FIGS. 3A to 3K are cross-sectional views illustrating manufacturing processes and the resulting structure of the electric device having a variable capacitance element according to first embodiment.
FIGS. 4A to 4F are cross-sectional views and a perspective view illustrating a modification of the first embodiment.
FIGS. 5A, 5B, and 5C are a perspective view illustrating a variable capacitance element according to second embodiment, and cross-sectional views illustrating operation states of the variable capacitance element.
FIGS. 6A to 6H are cross-sectional views illustrating manufacturing processes of the variable capacitance element according to the second embodiment.
FIGS. 7A, 7B, and 7C are cross-sectional views illustrating modifications of the second embodiment.
FIGS. 8A and 8B are a plan view and a cross-sectional view illustrating a variable capacitor according to third embodiment.
FIGS. 9A and 9B are a cross-sectional view and an assembling diagram illustrating a variable capacitor according to fourth embodiment.
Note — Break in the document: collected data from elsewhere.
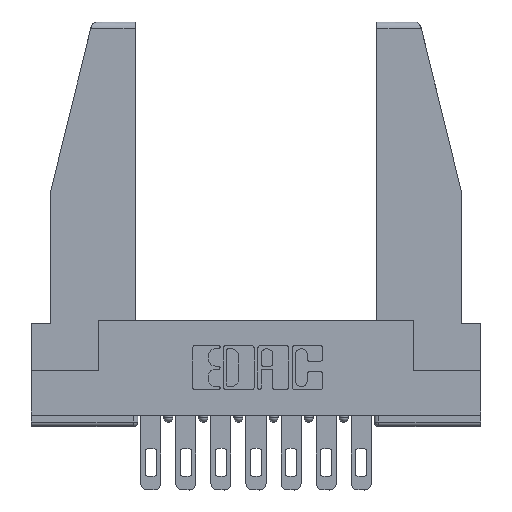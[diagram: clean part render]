
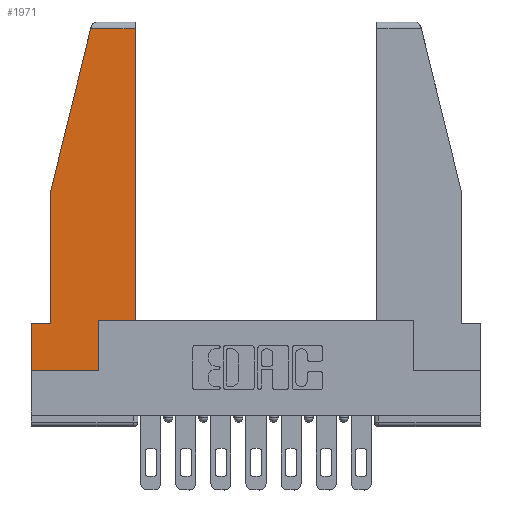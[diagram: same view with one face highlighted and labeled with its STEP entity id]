
A CAD part, top view. The second image highlights one B-rep face of the part: STEP entity #1971.
In plain terms, the highlighted planar face has unit normal (0, 0, 1).
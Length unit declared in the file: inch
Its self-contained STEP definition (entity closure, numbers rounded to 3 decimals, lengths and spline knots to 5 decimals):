
#61 = CARTESIAN_POINT ( 'NONE',  ( 0., 0., 0. ) ) ;
#81 = CARTESIAN_POINT ( 'NONE',  ( 0., 0., 0. ) ) ;
#139 = CARTESIAN_POINT ( 'NONE',  ( 0.086, 0.8, 0. ) ) ;
#265 = ORIENTED_EDGE ( 'NONE', *, *, #10166, .T. ) ;
#451 = EDGE_CURVE ( 'NONE', #12168, #8549, #11415, .T. ) ;
#493 = CARTESIAN_POINT ( 'NONE',  ( 0., 0.21, 0. ) ) ;
#1619 = VECTOR ( 'NONE', #5563, 39.37008 ) ;
#1700 = DIRECTION ( 'NONE',  ( 1., 0., 0. ) ) ;
#1808 = LINE ( 'NONE', #5034, #10567 ) ;
#1917 = ORIENTED_EDGE ( 'NONE', *, *, #9784, .T. ) ;
#1971 = ADVANCED_FACE ( 'NONE', ( #11553 ), #11905, .T. ) ;
#2136 = DIRECTION ( 'NONE',  ( 1., 0., 0. ) ) ;
#2215 = ORIENTED_EDGE ( 'NONE', *, *, #3530, .T. ) ;
#2253 = DIRECTION ( 'NONE',  ( -0.239, -0.971, 0. ) ) ;
#2522 = CARTESIAN_POINT ( 'NONE',  ( 0.461, 0.223, 0. ) ) ;
#2676 = VERTEX_POINT ( 'NONE', #9401 ) ;
#2724 = CARTESIAN_POINT ( 'NONE',  ( 0.297, 0., 0. ) ) ;
#3096 = ORIENTED_EDGE ( 'NONE', *, *, #3827, .T. ) ;
#3250 = DIRECTION ( 'NONE',  ( -1., 0., 0. ) ) ;
#3459 = LINE ( 'NONE', #12407, #8686 ) ;
#3526 = LINE ( 'NONE', #8234, #9228 ) ;
#3530 = EDGE_CURVE ( 'NONE', #4526, #10674, #3526, .T. ) ;
#3765 = VERTEX_POINT ( 'NONE', #8978 ) ;
#3827 = EDGE_CURVE ( 'NONE', #2676, #4526, #1808, .T. ) ;
#3981 = VERTEX_POINT ( 'NONE', #2724 ) ;
#4002 = VERTEX_POINT ( 'NONE', #11577 ) ;
#4526 = VERTEX_POINT ( 'NONE', #6513 ) ;
#4732 = VECTOR ( 'NONE', #7933, 39.37008 ) ;
#4924 = DIRECTION ( 'NONE',  ( 1., 0., 0. ) ) ;
#4942 = ORIENTED_EDGE ( 'NONE', *, *, #10991, .T. ) ;
#5034 = CARTESIAN_POINT ( 'NONE',  ( 0., 1.52, 0. ) ) ;
#5563 = DIRECTION ( 'NONE',  ( 0., -1., 0. ) ) ;
#5771 = VECTOR ( 'NONE', #1700, 39.37008 ) ;
#5772 = DIRECTION ( 'NONE',  ( 0., -1., 0. ) ) ;
#5829 = EDGE_CURVE ( 'NONE', #6506, #3981, #11887, .T. ) ;
#5953 = LINE ( 'NONE', #9454, #1619 ) ;
#6370 = CARTESIAN_POINT ( 'NONE',  ( 0.297, 0.223, 0. ) ) ;
#6506 = VERTEX_POINT ( 'NONE', #7142 ) ;
#6513 = CARTESIAN_POINT ( 'NONE',  ( 0.2636, 1.52, 0. ) ) ;
#6897 = CARTESIAN_POINT ( 'NONE',  ( 0.297, 0., 0. ) ) ;
#7142 = CARTESIAN_POINT ( 'NONE',  ( 0., 0., 0. ) ) ;
#7699 = DIRECTION ( 'NONE',  ( 0., 0., 1. ) ) ;
#7767 = ORIENTED_EDGE ( 'NONE', *, *, #12214, .T. ) ;
#7802 = ORIENTED_EDGE ( 'NONE', *, *, #451, .T. ) ;
#7933 = DIRECTION ( 'NONE',  ( -1., 0., 0. ) ) ;
#8234 = CARTESIAN_POINT ( 'NONE',  ( 0.271, 1.55, 0. ) ) ;
#8397 = ORIENTED_EDGE ( 'NONE', *, *, #10523, .T. ) ;
#8549 = VERTEX_POINT ( 'NONE', #2522 ) ;
#8681 = LINE ( 'NONE', #493, #9154 ) ;
#8686 = VECTOR ( 'NONE', #9387, 39.37008 ) ;
#8776 = ORIENTED_EDGE ( 'NONE', *, *, #5829, .T. ) ;
#8978 = CARTESIAN_POINT ( 'NONE',  ( 0.086, 0.21, 0. ) ) ;
#9039 = LINE ( 'NONE', #11890, #4732 ) ;
#9154 = VECTOR ( 'NONE', #5772, 39.37008 ) ;
#9177 = VECTOR ( 'NONE', #11830, 39.37008 ) ;
#9228 = VECTOR ( 'NONE', #2253, 39.37008 ) ;
#9387 = DIRECTION ( 'NONE',  ( 0., 1., 0. ) ) ;
#9401 = CARTESIAN_POINT ( 'NONE',  ( 0.461, 1.52, 0. ) ) ;
#9454 = CARTESIAN_POINT ( 'NONE',  ( 0.086, 0.8, 0. ) ) ;
#9619 = EDGE_LOOP ( 'NONE', ( #4942, #3096, #2215, #1917, #265, #7767, #8776, #8397, #7802 ) ) ;
#9784 = EDGE_CURVE ( 'NONE', #10674, #3765, #5953, .T. ) ;
#10166 = EDGE_CURVE ( 'NONE', #3765, #4002, #9039, .T. ) ;
#10402 = AXIS2_PLACEMENT_3D ( 'NONE', #81, #7699, #4924 ) ;
#10523 = EDGE_CURVE ( 'NONE', #3981, #12168, #11449, .T. ) ;
#10567 = VECTOR ( 'NONE', #3250, 39.37008 ) ;
#10674 = VERTEX_POINT ( 'NONE', #139 ) ;
#10991 = EDGE_CURVE ( 'NONE', #8549, #2676, #3459, .T. ) ;
#11415 = LINE ( 'NONE', #11548, #5771 ) ;
#11449 = LINE ( 'NONE', #6897, #9177 ) ;
#11548 = CARTESIAN_POINT ( 'NONE',  ( 0.297, 0.223, 0. ) ) ;
#11553 = FACE_OUTER_BOUND ( 'NONE', #9619, .T. ) ;
#11577 = CARTESIAN_POINT ( 'NONE',  ( 0., 0.21, 0. ) ) ;
#11830 = DIRECTION ( 'NONE',  ( 0., 1., 0. ) ) ;
#11887 = LINE ( 'NONE', #61, #12213 ) ;
#11890 = CARTESIAN_POINT ( 'NONE',  ( 0., 0.21, 0. ) ) ;
#11905 = PLANE ( 'NONE',  #10402 ) ;
#12168 = VERTEX_POINT ( 'NONE', #6370 ) ;
#12213 = VECTOR ( 'NONE', #2136, 39.37008 ) ;
#12214 = EDGE_CURVE ( 'NONE', #4002, #6506, #8681, .T. ) ;
#12407 = CARTESIAN_POINT ( 'NONE',  ( 0.461, 0.223, 0. ) ) ;

DESCRIPTION OF EMBODIMENTS The inventors of the present invention investigated use of the liquid crystal in the variable capacitance of high frequency circuit. A micro-strip structure having a distributed constant capacity coupling two-stage filter formed on a LTCC (low temperature co-fired ceramic) substrate having a ground conductor extending on the rear surface of or in the substrate was used for the sample of the high frequency circuit. In the micro strip line wherein the ground (earth) conductor and a high frequency signal line are formed on the surface of the substrate or in the ceramic substrate with at least a part of the ceramic substrate intervening the ground conductor and the high frequency signal line. The high frequency transmission space between the ground conductor and the high frequency signal line is constituted of ceramics, and therefore, high frequency transmission characteristics can be easily secured. The loss of the high frequency transmission would be suppressed if liquid crystal is used for capacitor dielectric substance of a variable capacitance loaded on the high frequency line.
Nematic liquid crystal is a liquid crystal in which marked change in the specific dielectric constant (inductivity) can be induced by the orientation change of the liquid crystal. A positive nematic liquid crystal with the difference in the specific dielectric constant Δε3 of 32.4 was used. The liquid crystal molecules of the positive nematic liquid crystal have dielectric constant anisotropy, and the specific dielectric constant in the direction of major axis (director direction) is higher than the dielectric constant in the direction of minor axis. In liquid crystal displays, a positive nematic liquid crystal layer is sandwiched between opposing substrates formed with the opposing electrodes, and a voltage is selectively applied between the opposing electrodes. In the state with no voltage application (off state), the director of the liquid crystal molecules of the liquid crystal layer is parallel to the plane of the electrode when an alignment film is formed and orientation treatment for alignment of the liquid crystal in the direction parallel to the plane of the electrode is conducted, or random when such alignment film is not formed. When on-voltage is applied (on state), the director of the liquid crystal molecule, of the liquid crystal layer becomes perpendicular to the plane of the electrode.
FIG. 1A is a plan view of the distributed constant type capacity coupling two stage filter. The structure as illustrated in FIG. 1A is formed on the LTCC substrate having a ground conductor on the rear surface. High frequency signals are transmitted from an input terminal “IN” on the left side to an output terminal “OUT” on the right side through a coupling variable capacitance Cm. A distributed constant line L1 is connected to the high frequency signal line on the input side of the coupling variable capacitance Cm, and a distributed constant line L2 is connected to the high frequency signal line on the output side of the coupling variable capacitance Cm. Variable capacitances C11, C12, C13, and C14 are loaded on the line L1 to constitute a distributed constant line, and variable capacitances C21, C22, C23, and C24 are loaded on the line L2 to constitute a distributed constant line.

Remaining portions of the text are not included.